Failed? Because you say so? Very compelling arguments from the Liberal left as usual.


We've waited over 30 years for trickle down to work, so where are all the jobs it was supposed to create? Oh yea, first they went to Mexico then your conservative leaders made insane trade deals with your Communists Chinese allies. All at the cost of American jobs, society and economy. The only thing it (trickle down) did create was a world wide depression in 2008 that I believe is the purpose of your 'free trade' and 'trickle down' bullshit.

Thom Hartmann, one of the great thinkers of our time, too bad your conditioning won't let you understand him.

Where are all the jobs your ideology was supposed to create? 30 yrs is enough time to implement and see the results of trickle down. Bottom line, it's a failed ideology that needs to be treated like a cancer on the U.S.
 
Reganomics" is nothing more than the fulfillment of capitalism, which is infinite greed elevated to maximum virtue -- the methodical rejection of every humanitarian precept our species has ever set forth. "Reagonomics" is therefore capitalism that has captured all the powers of the state and thereby imposed "capitalist governance": absolute power and unlimited profit for the Ruling Class, total subjugation for all the rest of us. "Capitalist governance" is precisely what Marx and Engels foresaw when they correctly predicted capitalism would inevitably morph into what they labeled "imperialism." Another name for "Reagonomics" aka "capitalist governance" aka "imperialism" is "fascism."

- See more at: http://www.thomhartmann.com/blog/2014/03/cancer-stage-reaganomics#sthash.qlxzOSbC.dpuf

Imperialism and aristocracy preceded capitalism by a span of the entirety of human history up until 1776. They also preceded every other contemporary economic theory in the same manner.
 
We've waited over 30 years for trickle down to work, so where are all the jobs it was supposed to create? Oh yea, first they went to Mexico then your conservative leaders made insane trade deals with your Communists Chinese allies. All at the cost of American jobs, society and economy. The only thing it (trickle down) did create was a world wide depression in 2008 that I believe is the purpose of your 'free trade' and 'trickle down' bullshit.

Thom Hartmann, one of the great thinkers of our time, too bad your conditioning won't let you understand him.

Where are all the jobs your ideology was supposed to create? 30 yrs is enough time to implement and see the results of trickle down. Bottom line, it's a failed ideology that needs to be treated like a cancer on the U.S.

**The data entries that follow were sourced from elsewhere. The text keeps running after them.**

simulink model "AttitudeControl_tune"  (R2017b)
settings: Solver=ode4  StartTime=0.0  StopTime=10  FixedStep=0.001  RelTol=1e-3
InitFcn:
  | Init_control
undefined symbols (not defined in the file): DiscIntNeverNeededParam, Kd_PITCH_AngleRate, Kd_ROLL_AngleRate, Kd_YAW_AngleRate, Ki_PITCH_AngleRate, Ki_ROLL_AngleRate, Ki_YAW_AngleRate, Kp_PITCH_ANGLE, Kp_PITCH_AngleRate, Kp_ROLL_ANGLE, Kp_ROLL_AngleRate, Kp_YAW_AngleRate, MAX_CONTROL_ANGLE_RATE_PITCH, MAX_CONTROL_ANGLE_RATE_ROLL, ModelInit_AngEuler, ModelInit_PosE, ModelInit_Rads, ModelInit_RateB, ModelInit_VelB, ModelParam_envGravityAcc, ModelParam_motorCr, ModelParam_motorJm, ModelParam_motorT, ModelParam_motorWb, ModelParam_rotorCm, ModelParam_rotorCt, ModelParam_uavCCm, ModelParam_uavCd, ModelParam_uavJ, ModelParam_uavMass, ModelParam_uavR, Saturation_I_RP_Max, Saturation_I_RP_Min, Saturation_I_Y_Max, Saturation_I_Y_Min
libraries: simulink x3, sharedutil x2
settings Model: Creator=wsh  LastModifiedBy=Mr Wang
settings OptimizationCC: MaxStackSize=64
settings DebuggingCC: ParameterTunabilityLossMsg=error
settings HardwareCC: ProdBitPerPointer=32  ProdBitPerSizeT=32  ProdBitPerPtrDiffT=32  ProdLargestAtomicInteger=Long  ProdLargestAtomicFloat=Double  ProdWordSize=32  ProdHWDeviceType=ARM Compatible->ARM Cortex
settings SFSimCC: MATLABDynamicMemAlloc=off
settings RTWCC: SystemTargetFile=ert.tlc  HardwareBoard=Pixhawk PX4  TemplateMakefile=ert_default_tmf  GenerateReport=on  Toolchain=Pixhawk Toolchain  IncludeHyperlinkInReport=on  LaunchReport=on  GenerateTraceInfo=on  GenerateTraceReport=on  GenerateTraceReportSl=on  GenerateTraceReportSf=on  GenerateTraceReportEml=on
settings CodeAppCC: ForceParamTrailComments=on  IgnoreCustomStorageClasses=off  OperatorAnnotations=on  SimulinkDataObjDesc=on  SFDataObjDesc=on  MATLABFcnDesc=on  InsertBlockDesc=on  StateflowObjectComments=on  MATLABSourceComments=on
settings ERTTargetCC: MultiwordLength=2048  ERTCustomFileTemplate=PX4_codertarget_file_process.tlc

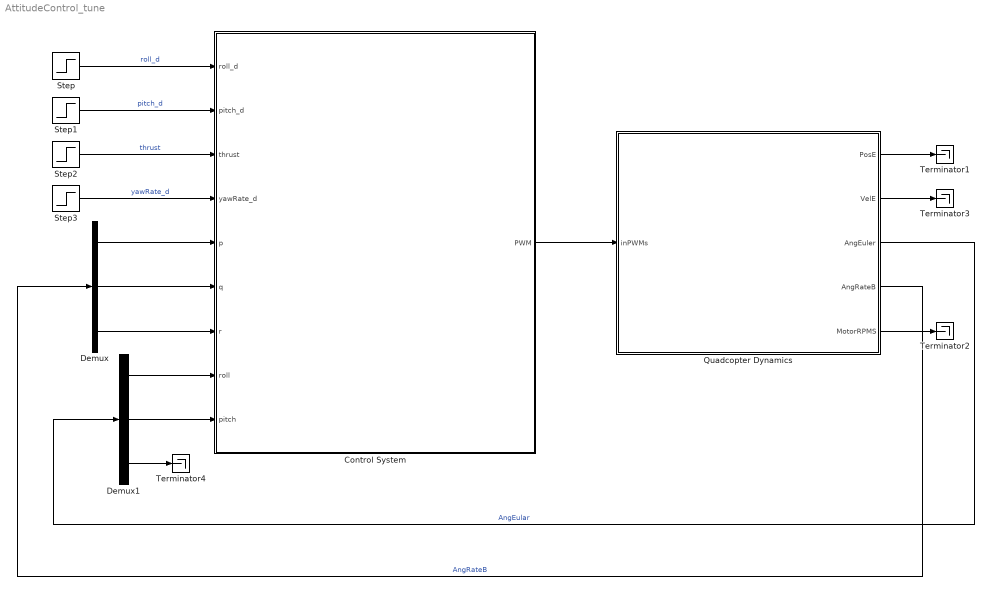
== system AttitudeControl_tune ==
  Control System : Subsystem
      mask Display: image('icon\pixhawk.png');
  Demux : Demux  Outputs=3
  Demux1 : Demux  Outputs=3
  Quadcopter Dynamics : Subsystem
      mask Display: image('./icon/F450.png');
  Step : Step  Time=0  After=0  SampleTime=0
  Step1 : Step  Time=0  After=0  SampleTime=0
  Step2 : Step  Time=0  After=0.6085  SampleTime=0
  Step3 : Step  Time=0  After=0  SampleTime=0
  Terminator{1..4} (4 alike) : Terminator
  wires:
  Quadcopter Dynamics/3(AngEuler) -> Demux1/1  "AngEular"
  Quadcopter Dynamics/4(AngRateB) -> Demux/1  "AngRateB"
  Demux/1 -> Control System/5(p)
  Demux/2 -> Control System/6(q)
  Demux/3 -> Control System/7(r)
  Demux1/1 -> Control System/8(roll)
  Demux1/3 -> Terminator4/1
  Demux1/2 -> Control System/9(pitch)
  Quadcopter Dynamics/1(PosE) -> Terminator1/1
  Quadcopter Dynamics/2(VelE) -> Terminator3/1
  Step1/1 -> Control System/2(pitch_d)  "pitch_d"
  Step/1 -> Control System/1(roll_d)  "roll_d"
  Step3/1 -> Control System/4(yawRate_d)  "yawRate_d"
  Step2/1 -> Control System/3(thrust)  "thrust"
  Quadcopter Dynamics/5(MotorRPMS) -> Terminator2/1
  Control System/1(PWM) -> Quadcopter Dynamics/1(inPWMs)

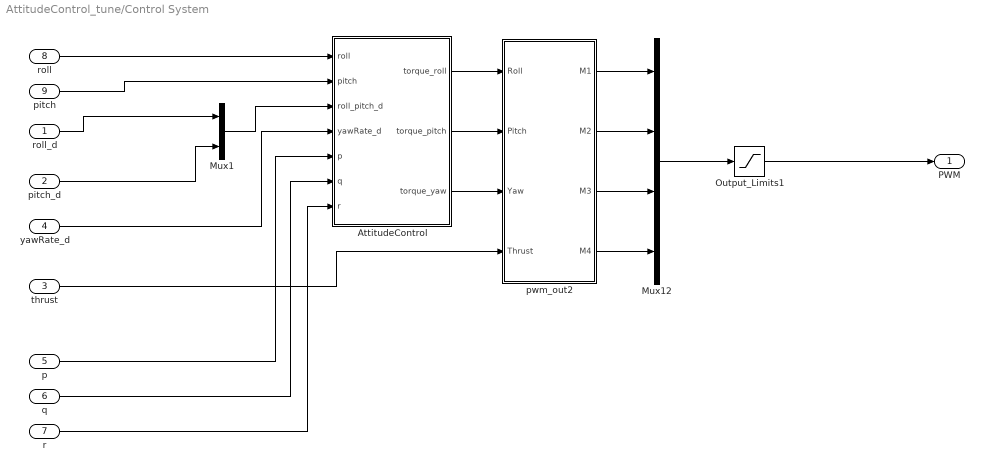
== system AttitudeControl_tune/Control System ==
  roll_d : Inport  PortDimensions=1
  pitch_d : Inport  Port=2  PortDimensions=1
  thrust : Inport  Port=3  PortDimensions=1
  yawRate_d : Inport  Port=4  PortDimensions=1
  p : Inport  Port=5  PortDimensions=1
  q : Inport  Port=6  PortDimensions=1
  r : Inport  Port=7  PortDimensions=1
  roll : Inport  Port=8  PortDimensions=1
  pitch : Inport  Port=9  PortDimensions=1
  AttitudeControl : Subsystem
  Mux1 : Mux  Inputs=2
  Mux12 : Mux
  Output_Limits1 : Saturate  UpperLimit=2000  LowerLimit=1000  LinearizeAsGain=off
  pwm_out2 : MATLAB Function  SystemSampleTime=0.004
  PWM : Outport
  wires:
  thrust/1 -> pwm_out2/4(Thrust)
  Mux12/1 -> Output_Limits1/1
  AttitudeControl/2(torque_pitch) -> pwm_out2/2(Pitch)
  AttitudeControl/1(torque_roll) -> pwm_out2/1(Roll)
  pwm_out2/1(M1) -> Mux12/1
  pwm_out2/3(M3) -> Mux12/3
  pwm_out2/2(M2) -> Mux12/2
  r/1 -> AttitudeControl/7(r)
  AttitudeControl/3(torque_yaw) -> pwm_out2/3(Yaw)
  Mux1/1 -> AttitudeControl/3(roll_pitch_d)
  q/1 -> AttitudeControl/6(q)
  yawRate_d/1 -> AttitudeControl/4(yawRate_d)
  p/1 -> AttitudeControl/5(p)
  pwm_out2/4(M4) -> Mux12/4
  pitch/1 -> AttitudeControl/2(pitch)
  roll/1 -> AttitudeControl/1(roll)
  Output_Limits1/1 -> PWM/1
  roll_d/1 -> Mux1/1
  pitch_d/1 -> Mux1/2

Where were the jobs and the economy on 1/20/1981 when Reagan first entered office - lost to Keynesianism, I presume?
 
Reganomics" is nothing more than the fulfillment of capitalism, which is infinite greed elevated to maximum virtue -- the methodical rejection of every humanitarian precept our species has ever set forth. "Reagonomics" is therefore capitalism that has captured all the powers of the state and thereby imposed "capitalist governance": absolute power and unlimited profit for the Ruling Class, total subjugation for all the rest of us. "Capitalist governance" is precisely what Marx and Engels foresaw when they correctly predicted capitalism would inevitably morph into what they labeled "imperialism." Another name for "Reagonomics" aka "capitalist governance" aka "imperialism" is "fascism."

- See more at: http://www.thomhartmann.com/blog/2014/03/cancer-stage-reaganomics#sthash.qlxzOSbC.dpuf

It would be at this point that you dazzle us with the stunning recap of historically successful economies premised upon societal altruism.
 
Mott, what has Keynesian economics done for us here? What has QE done for us? What about the actual issues the professor addresses? Why aren't banks lending? How much longer does the Fed need to stick with monetary stimulus and how bad will we feel the affects when it's done? (it's highly highly optimistic to think the Fed can print money like it has and there will be no ill effects when it stops)
Read your history. Keynesian economics saved capitalism.
 
Read your history. Keynesian economics saved capitalism.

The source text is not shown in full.